Drawing on publicly available intelligence and their own experiences, two experts outlined the possible outlines of a ground operation targeting nuclear sites. They told WIRED that any version of the ground operation would be incredibly complex and pose a significant risk to the lives of American forces.
“I personally believe that a ground operation using special forces backed by more force is extremely risky and ultimately unfeasible,” Spencer Faragaso, a senior research fellow at the Institute for Science and International Security, tells WIRED.
Nuclear ambitions
Experts say any version of the process would likely take several weeks and involve simultaneous actions at multiple target locations that are not in close proximity to each other. Jonathan Hackett, a former Marine Corps and Defense Intelligence Agency operations specialist, tells WIRED that up to 10 sites could be targeted: research reactors in Isfahan, Arak, and Darkhoven; enrichment facilities at Natanz, Fordow, and Parchin; the Sagand and Qin Yazd mines; And Bushehr power station.
According to the International Atomic Energy Agency, Isfahan likely holds the majority of the country’s 60 percent highly enriched uranium, which may be able to support a self-sustaining nuclear chain reaction, although weapons-grade material generally consists of 90 percent enriched uranium. Hackett says the other two enrichment facilities may also contain 60 percent highly enriched uranium, and that the power plant and three research reactors all may contain 20 percent enriched uranium. Varagaso stresses that such supplies deserve careful attention.
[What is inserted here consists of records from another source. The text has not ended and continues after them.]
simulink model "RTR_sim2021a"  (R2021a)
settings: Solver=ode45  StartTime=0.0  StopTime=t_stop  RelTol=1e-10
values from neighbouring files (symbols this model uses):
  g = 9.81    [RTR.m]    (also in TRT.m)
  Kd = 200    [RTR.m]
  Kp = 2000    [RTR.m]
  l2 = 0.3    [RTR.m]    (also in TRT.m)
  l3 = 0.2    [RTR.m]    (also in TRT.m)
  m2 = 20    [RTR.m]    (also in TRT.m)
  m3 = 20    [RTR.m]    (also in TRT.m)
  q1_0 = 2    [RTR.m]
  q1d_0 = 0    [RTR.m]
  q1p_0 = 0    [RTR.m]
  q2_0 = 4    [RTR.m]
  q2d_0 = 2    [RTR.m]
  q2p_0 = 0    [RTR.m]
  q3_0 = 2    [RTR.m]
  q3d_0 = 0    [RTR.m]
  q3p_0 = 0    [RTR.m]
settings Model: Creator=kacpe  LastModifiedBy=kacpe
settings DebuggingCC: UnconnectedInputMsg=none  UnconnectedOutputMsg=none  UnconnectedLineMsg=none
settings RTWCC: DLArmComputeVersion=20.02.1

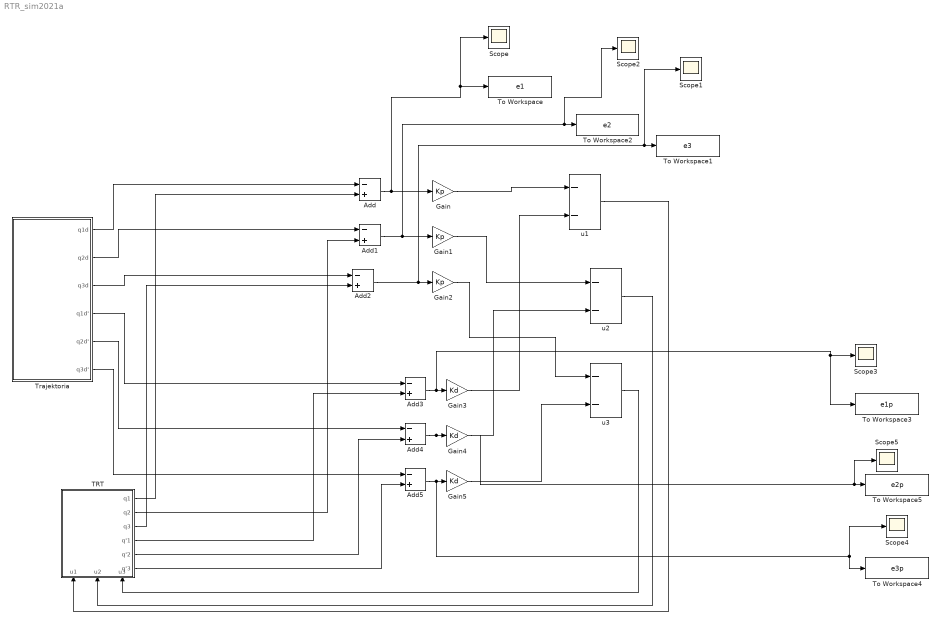
== system RTR_sim2021a ==
  Add{,1..5} (6 alike) : Sum  Inputs=-+
  Gain : Gain  Gain=Kp
  Gain1 : Gain  Gain=Kp
  Gain2 : Gain  Gain=Kp
  Gain3 : Gain  Gain=Kd
  Gain4 : Gain  Gain=Kd
  Gain5 : Gain  Gain=Kd
  Scope{,1..5} (6 alike) : Scope
  TRT : Subsystem
      settings: PortSchema="{\"entries\":[{\"content\":{\"sides\":[{\"content\":{\"connectorIds\":[]},\"type\":\"ConnectorPlacement.EquallySpacedRectSide\",\"uuid\":\"a13a475c-743e-4b68-af9c-5e746e266b9c\"},{\"content\":{\"connectorIds\":[\"Out1\",\"Out2\",\"Out3\",\"Out4\",\"Out5\",\"Out6\"],\"side\":\"RIGHT\"},\"type\":\"ConnectorPlacement.EquallySpacedRectSide\",\"uuid\":\"c38df9ec-cc79-4f7b-9920-87d5ccf64580\"},{\"content\":{\"connectorIds\":[],\"side\":\"TOP\"},\"type\":\"ConnectorPlacement.EquallySpacedRectSide\",\"uuid\":\"3e71a422-c3ba-4d07-a3dd-6a096f4f70e7\"},{\"content\":{\"connectorIds\":[\"In1\",\"In2\",\"In3\"],\"side\":\"BOTTOM\"},\"type\":\"ConnectorPlacement.EquallySpacedRectSide\",\"uuid\":\"943e58bb-edab-4cbf-b22e-e260512a1992\"}]},\"type\":\"ConnectorPlacement.EquallySpacedConnector\",\"uuid\":\"0ec18b1f-6af6-4411-842f-55149c10a846\"}],\"packageUris\":[\"http://schema.mathworks.com/mf0/Connector/R2020b\"],\"version\":\"1.0\"}"
  To Workspace : ToWorkspace  VariableName=e1  SampleTime=-1
  To Workspace1 : ToWorkspace  VariableName=e3  SampleTime=-1
  To Workspace2 : ToWorkspace  VariableName=e2  SampleTime=-1
  To Workspace3 : ToWorkspace  VariableName=e1p  SampleTime=-1
  To Workspace4 : ToWorkspace  VariableName=e3p  SampleTime=-1
  To Workspace5 : ToWorkspace  VariableName=e2p  SampleTime=-1
  Trajektoria : Subsystem
  u1 : Sum  Inputs=--
  u2 : Sum  Inputs=--
  u3 : Sum  Inputs=--
  wires:
  Trajektoria/1(q1d) -> Add/1
  Trajektoria/2(q2d) -> Add1/1
  Trajektoria/3(q3d) -> Add2/1
  Trajektoria/4(q1d') -> Add3/1
  Trajektoria/5(q2d') -> Add4/1
  Trajektoria/6(q3d') -> Add5/1
  TRT/1(q1) -> Add/2
  TRT/2(q2) -> Add1/2
  TRT/3(q3) -> Add2/2
  TRT/4(q'1) -> Add3/2
  TRT/5(q'2) -> Add4/2
  TRT/6(q'3) -> Add5/2
  Add/1 -> Gain/1, Scope/1, To Workspace/1
  Add1/1 -> Gain1/1, Scope2/1, To Workspace2/1
  Gain3/1 -> u1/2
  Gain4/1 -> u2/2
  Gain5/1 -> u3/2
  Gain/1 -> u1/1
  Gain1/1 -> u2/1
  Gain2/1 -> u3/1
  u3/1 -> TRT/3(u3)
  u2/1 -> TRT/2(u2)
  u1/1 -> TRT/1(u1)
  Add2/1 -> Scope1/1, To Workspace1/1, Gain2/1
  Add4/1 -> Scope5/1, To Workspace5/1, Gain4/1
  Add5/1 -> Scope4/1, To Workspace4/1, Gain5/1
  Add3/1 -> To Workspace3/1, Scope3/1, Gain3/1

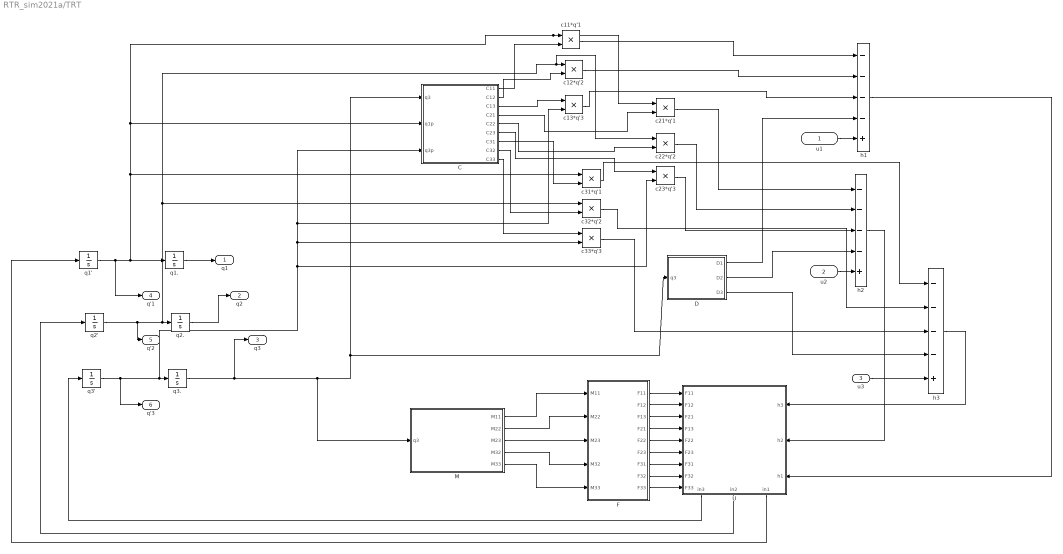
== system RTR_sim2021a/TRT ==
  u1 : Inport
  u2 : Inport  Port=2
  u3 : Inport  Port=3
  C : MATLAB Function  TreatAsAtomicUnit=on
  D : MATLAB Function  TreatAsAtomicUnit=on
  F : MATLAB Function  TreatAsAtomicUnit=on
  M : MATLAB Function  TreatAsAtomicUnit=on
  U : Subsystem
      settings: PortSchema="{\"entries\":[{\"content\":{\"sides\":[{\"content\":{\"connectorIds\":[\"In1\",\"In2\",\"In3\",\"In4\",\"In5\",\"In6\",\"In7\",\"In8\",\"In9\"]},\"type\":\"ConnectorPlacement.EquallySpacedRectSide\",\"uuid\":\"30710644-9e06-400a-91a1-da9eb46b634c\"},{\"content\":{\"connectorIds\":[\"In10\",\"In11\",\"In12\"],\"side\":\"RIGHT\"},\"type\":\"ConnectorPlacement.EquallySpacedRectSide\",\"uuid\":\"450ad47e-e867-455a-81bd-6c2cfcae7014\"},{\"content\":{\"connectorIds\":[],\"side\":\"TOP\"},\"type\":\"ConnectorPlacement.EquallySpacedRectSide\",\"uuid\":\"643bf25a-a07b-40c2-a683-349b443eb128\"},{\"content\":{\"connectorIds\":[\"Out1\",\"Out2\",\"Out3\"],\"side\":\"BOTTOM\"},\"type\":\"ConnectorPlacement.EquallySpacedRectSide\",\"uuid\":\"d7f5c48e-8c7d-4ef3-916e-98a783992e6d\"}]},\"type\":\"ConnectorPlacement.EquallySpacedConnector\",\"uuid\":\"b943515b-cd98-4c69-abf8-9cc1eb7ce306\"}],\"packageUris\":[\"http://schema.mathworks.com/mf0/Connector/R2020b\"],\"version\":\"1.0\"}"
  c11*q'1 : Product
  c12*q'2 : Product
  c13*q'3 : Product
  c21*q'1 : Product
  c22*q'2 : Product
  c23*q'3 : Product
  c31*q'1 : Product
  c32*q'2 : Product
  c33*q'3 : Product
  h1 : Sum  Inputs=----+
  h2 : Sum  Inputs=----+
  h3 : Sum  Inputs=----+
  q1' : Integrator  InitialCondition=q1p_0
  q1. : Integrator  InitialCondition=q1_0
  q2' : Integrator  InitialCondition=q2p_0
  q2. : Integrator  InitialCondition=q2_0
  q3' : Integrator  InitialCondition=q3p_0
  q3. : Integrator  InitialCondition=q3_0
  q1 : Outport
  q2 : Outport  Port=2
  q3 : Outport  Port=3
  q'1 : Outport  Port=4
  q'2 : Outport  Port=5
  q'3 : Outport  Port=6
  wires:
  M/1(M11) -> F/1(M11)
  M/2(M22) -> F/2(M22)
  M/3(M23) -> F/3(M23)
  M/4(M32) -> F/4(M32)
  M/5(M33) -> F/5(M33)
  u1/1 -> h1/5
  u3/1 -> h3/5
  u2/1 -> h2/5
  q3./1 -> C/1(q3), D/1(q3), M/1(q3), q3/1
  q3'/1 -> q'3/1, c33*q'3/2, c13*q'3/2, C/3(q3p), c23*q'3/2, q3./1
  q2'/1 -> q'2/1, c32*q'2/1, c22*q'2/1, c12*q'2/1, q2./1
  q2./1 -> q2/1
  C/1(C11) -> c11*q'1/2
  C/3(C13) -> c13*q'3/1
  C/6(C23) -> c23*q'3/1
  C/7(C31) -> c31*q'1/2
  q1./1 -> q1/1
  C/2(C12) -> c12*q'2/2
  q1'/1 -> q'1/1, c21*q'1/1, c11*q'1/1, C/2(q1p), c31*q'1/1, q1./1
  C/4(C21) -> c21*q'1/2
  C/5(C22) -> c22*q'2/2
  C/8(C32) -> c32*q'2/2
  C/9(C33) -> c33*q'3/1
  c11*q'1/1 -> h1/1
  c12*q'2/1 -> h1/2
  c13*q'3/1 -> h1/3
  D/1(D1) -> h1/4
  D/2(D2) -> h2/4
  c21*q'1/1 -> h2/1
  c22*q'2/1 -> h2/2
  D/3(D3) -> h3/4
  c31*q'1/1 -> h3/1
  c32*q'2/1 -> h3/2
  c33*q'3/1 -> h3/3
  F/1(F11) -> U/1(F11)
  F/2(F12) -> U/2(F12)
  F/3(F13) -> U/3(F21)
  F/4(F21) -> U/4(F13)
  F/5(F22) -> U/5(F22)
  F/6(F23) -> U/6(F23)
  F/7(F31) -> U/7(F31)
  F/8(F32) -> U/8(F32)
  F/9(F33) -> U/9(F33)
  h1/1 -> U/12(h1)
  h2/1 -> U/11(h2)
  h3/1 -> U/10(h3)
  U/1(in3) -> q3'/1
  U/2(in2) -> q2'/1
  U/3(in1) -> q1'/1
  c23*q'3/1 -> h2/3

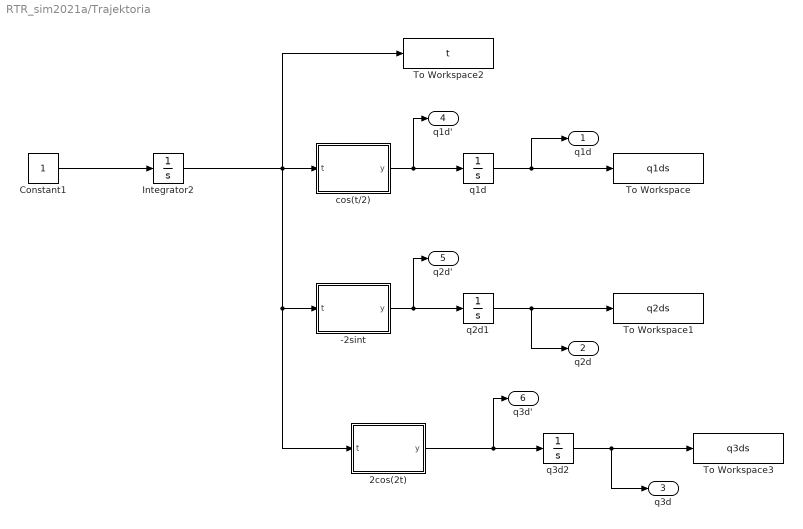
== system RTR_sim2021a/Trajektoria ==
  " q1d" : Integrator  InitialCondition=q1d_0
  " q2d1" : Integrator  InitialCondition=q2d_0
  " q3d2" : Integrator  InitialCondition=q3d_0
  -2sint : MATLAB Function  TreatAsAtomicUnit=on
  2cos(2t) : MATLAB Function  TreatAsAtomicUnit=on
  Constant1 : Constant
  Integrator2 : Integrator
  To Workspace : ToWorkspace  VariableName=q1ds  SampleTime=-1
  To Workspace1 : ToWorkspace  VariableName=q2ds  SampleTime=-1
  To Workspace2 : ToWorkspace  VariableName=t  SampleTime=-1
  To Workspace3 : ToWorkspace  VariableName=q3ds  SampleTime=-1
  cos(t/2) : MATLAB Function  TreatAsAtomicUnit=on
  q1d : Outport
  q2d : Outport  Port=2
  q3d : Outport  Port=3
  q1d' : Outport  Port=4
  q2d' : Outport  Port=5
  q3d' : Outport  Port=6
  wires:
  " q2d1"/1 -> To Workspace1/1, q2d/1
  -2sint/1(y) -> q2d'/1, " q2d1"/1
  " q1d"/1 -> To Workspace/1, q1d/1
  cos(t/2)/1(y) -> q1d'/1, " q1d"/1
  Constant1/1 -> Integrator2/1
  Integrator2/1 -> To Workspace2/1, 2cos(2t)/1(t), -2sint/1(t), cos(t/2)/1(t)
  " q3d2"/1 -> To Workspace3/1, q3d/1
  2cos(2t)/1(y) -> q3d'/1, " q3d2"/1

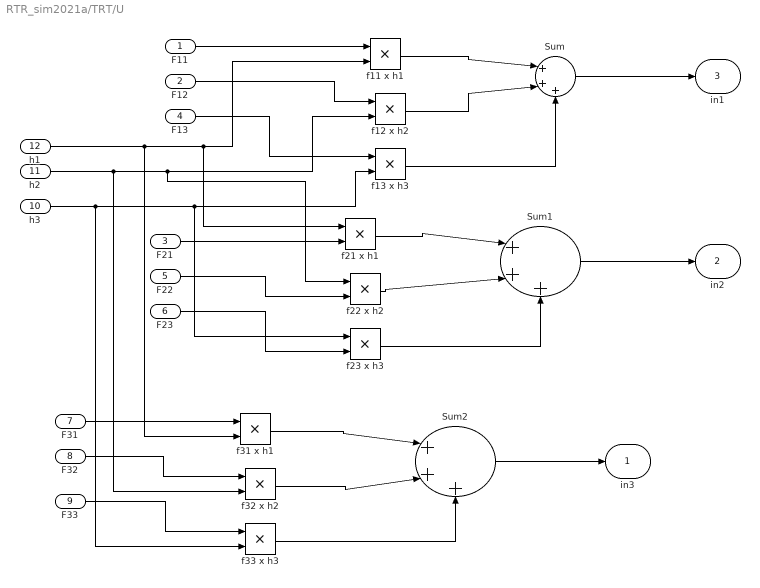
== system RTR_sim2021a/TRT/U ==
  F11 : Inport
  F12 : Inport  Port=2
  F21 : Inport  Port=3
  F13 : Inport  Port=4
  F22 : Inport  Port=5
  F23 : Inport  Port=6
  F31 : Inport  Port=7
  F32 : Inport  Port=8
  F33 : Inport  Port=9
  h3 : Inport  Port=10
  h2 : Inport  Port=11
  h1 : Inport  Port=12
  Sum : Sum  Inputs=|+++
  Sum1 : Sum  Inputs=|+++
  Sum2 : Sum  Inputs=|+++
  f11 x h1 : Product
  f12 x h2 : Product
  f13 x h3 : Product
  f21 x h1 : Product
  f22 x h2 : Product
  f23 x h3 : Product
  f31 x h1 : Product
  f32 x h2 : Product
  f33 x h3 : Product
  in3 : Outport
  in2 : Outport  Port=2
  in1 : Outport  Port=3
  wires:
  F11/1 -> f11 x h1/1
  F12/1 -> f12 x h2/1
  h2/1 -> f32 x h2/2, f22 x h2/1, f12 x h2/2
  F13/1 -> f13 x h3/1
  h3/1 -> f33 x h3/2, f23 x h3/1, f13 x h3/2
  F21/1 -> f21 x h1/2
  F22/1 -> f22 x h2/2
  F23/1 -> f23 x h3/2
  F31/1 -> f31 x h1/1
  F32/1 -> f32 x h2/1
  F33/1 -> f33 x h3/1
  h1/1 -> f31 x h1/2, f21 x h1/1, f11 x h1/2
  f11 x h1/1 -> Sum/1
  f12 x h2/1 -> Sum/2
  f13 x h3/1 -> Sum/3
  f21 x h1/1 -> Sum1/1
  f22 x h2/1 -> Sum1/2
  f23 x h3/1 -> Sum1/3
  f31 x h1/1 -> Sum2/1
  f32 x h2/1 -> Sum2/2
  f33 x h3/1 -> Sum2/3
  Sum2/1 -> in3/1
  Sum1/1 -> in2/1
  Sum/1 -> in1/1

== matlab function RTR_sim2021a/TRT/F ==
  data: M11 input; M22 input; M23 input; F11 output; M32 input; M33 input; F12 output; F13 output; F21 output; F22 output; F23 output; F31 output; F32 output; F33 output
function [F11,F12,F13,F21,F22,F23,F31,F32,F33] =fcn(M11, M22, M23, M32, M33)
%(wiersz, kolumna)
%M11, M22,  M33, M23, M32
%% output
%M=[0,0,0;0,0,0;0,0,0];
M = [M11, 0, 0;
     0, M22, M23;
     0,M32, M33];

F1 = inv(M);
F11 = F1(1,1);
F12 = F1(1,2);
F13 = F1(1,3);
F21 = F1(2,1);
F22 = F1(2,2);
F23 = F1(2,3);
F31 = F1(3,1);
F32 = F1(3,2);
F33 = F1(3,3);

== matlab function RTR_sim2021a/Trajektoria/2cos(2t) ==
  data: t input; y output
function y = fcn(t)

y = 2*cos(2*t);

== matlab function RTR_sim2021a/TRT/M ==
  data: l2 parameter; l3 parameter; m2 parameter; m3 parameter; q3 input; M11 output; M22 output; M23 output; M32 output; M33 output
function [M11, M22, M23, M32, M33] =fcn(l2,l3, m2, m3, q3)
%(wiersz, kolumna)
%M11, M22,  M33, M23, M32
%% output
%M=[0,0,0;0,0,0;0,0,0];
M11 = (1/3)*m2*(l2^2)+m3*((l2^2)+(1/3)*(l3^2)*(cos(q3)^2) + l2*l3*cos(3));
M22 = m2+m3;
M23 = (1/2)*m3*l2*l3*cos(q3);
M32 = (1/2)*m3*l2*l3*cos(q3);
M33 = (1/3)*m3*(l3^2);
%M0=0;

== matlab function RTR_sim2021a/TRT/C ==
  data: q3 input; q1p input; q3p input; m3 parameter; l2 parameter; l3 parameter; C11 output; C12 output; C13 output; C21 output; C22 output; C23 output; C31 output; C32 output; C33 output
function [C11,C12, C13,C21,C22,C23, C31,C32,C33] =fcn( q3, q1p, q3p, m3, l2, l3)
%(wiersz, kolumna)
%M11, M22,  M33, M23, M32
%% output
%M=[0,0,0;0,0,0;0,0,0];
C11 = -q3p*((1/2)*m3*l2*l3*sin(q3) + (1/3)*m3*(l3^2)*sin(q3)*cos(q3));
C13 = -q1p*((1/2)*m3*l2*l3*sin(q3) + (1/3)*m3*(l3^2)*sin(q3)*cos(q3));
C23 = -q3p*(1/2)*m3*(l3^2)*sin(q3)*cos(q3);
C31 = q1p*((1/2)*m3*l2*l3*sin(q3) + (1/3)*m3*(l3^2)*sin(q3)*cos(q3));
%C0 = 0;
C12 = 0;
C21 = 0;
C22 = 0; 
C32 = 0;
C33 = 0;

== matlab function RTR_sim2021a/TRT/D ==
  data: q3 input; m2 parameter; m3 parameter; l3 parameter; g parameter; D1 output; D2 output; D3 output
function [D1, D2, D3] =fcn(q3,m2,m3, l3, g)
%(wiersz, kolumna)
%M11, M22,  M33, M23, M32
%% output
%M=[0,0,0;0,0,0;0,0,0];
D1 = 0;
D2 = (m2+m3)*g;
D3 = (1/2)*g*m3*l3*cos(q3);

== matlab function RTR_sim2021a/Trajektoria/cos(t//2) ==
  data: t input; y output
function y = fcn(t)

y = cos(t/2);

== matlab function RTR_sim2021a/Trajektoria/-2sint ==
  data: t input; y output
function y = fcn(t)

y = -2*sin(t);

Hackett says that eight of the 10 sites – with the exception of Isfahan, which is likely intact underground, and Jabal Axe, a relatively new enrichment facility near Natanz – were mostly or partially buried after air strikes last June. Faragaso says that immediately before the war, Iran filled the entrances to the tunnel leading to the Isfahan facility with dirt.
A more risky version of the ground operation would involve US forces actually recovering nuclear materials. Hackett says that this material will be stored in the form of uranium hexafluoride gas inside “large cement vats.” Faragaso adds that it is unclear how many of these sinks may be broken or damaged. At damaged sites, troops will have to bring in excavators and heavy equipment capable of moving huge amounts of dirt to recover them.
According to Hackett, a relatively less risky version of the operation would still require ground forces. However, it will primarily use air strikes to bury nuclear materials within its facilities. Ensuring that nuclear materials are inaccessible in the short to medium term, Faragaso says, will entail destroying the entrances to underground facilities, ideally collapsing the roofs of underground facilities.
Lubricate the area
Hackett tells WIRED that based on his experience and all publicly available information, Trump’s negotiations with Iran “may be a bluff” to buy time to move troops into place.
Hackett says the operation will likely begin with aerial bombing in the areas surrounding the targeted sites. He says these bombers were likely from the 82nd Airborne Division or from the 11th or 31st Marine Expeditionary Units (MEU). The 11th MEU, a “quick reaction” force, and the 31st MEU, the only naval unit continuously deployed overseas in strategic areas, have reportedly been deployed to the Middle East.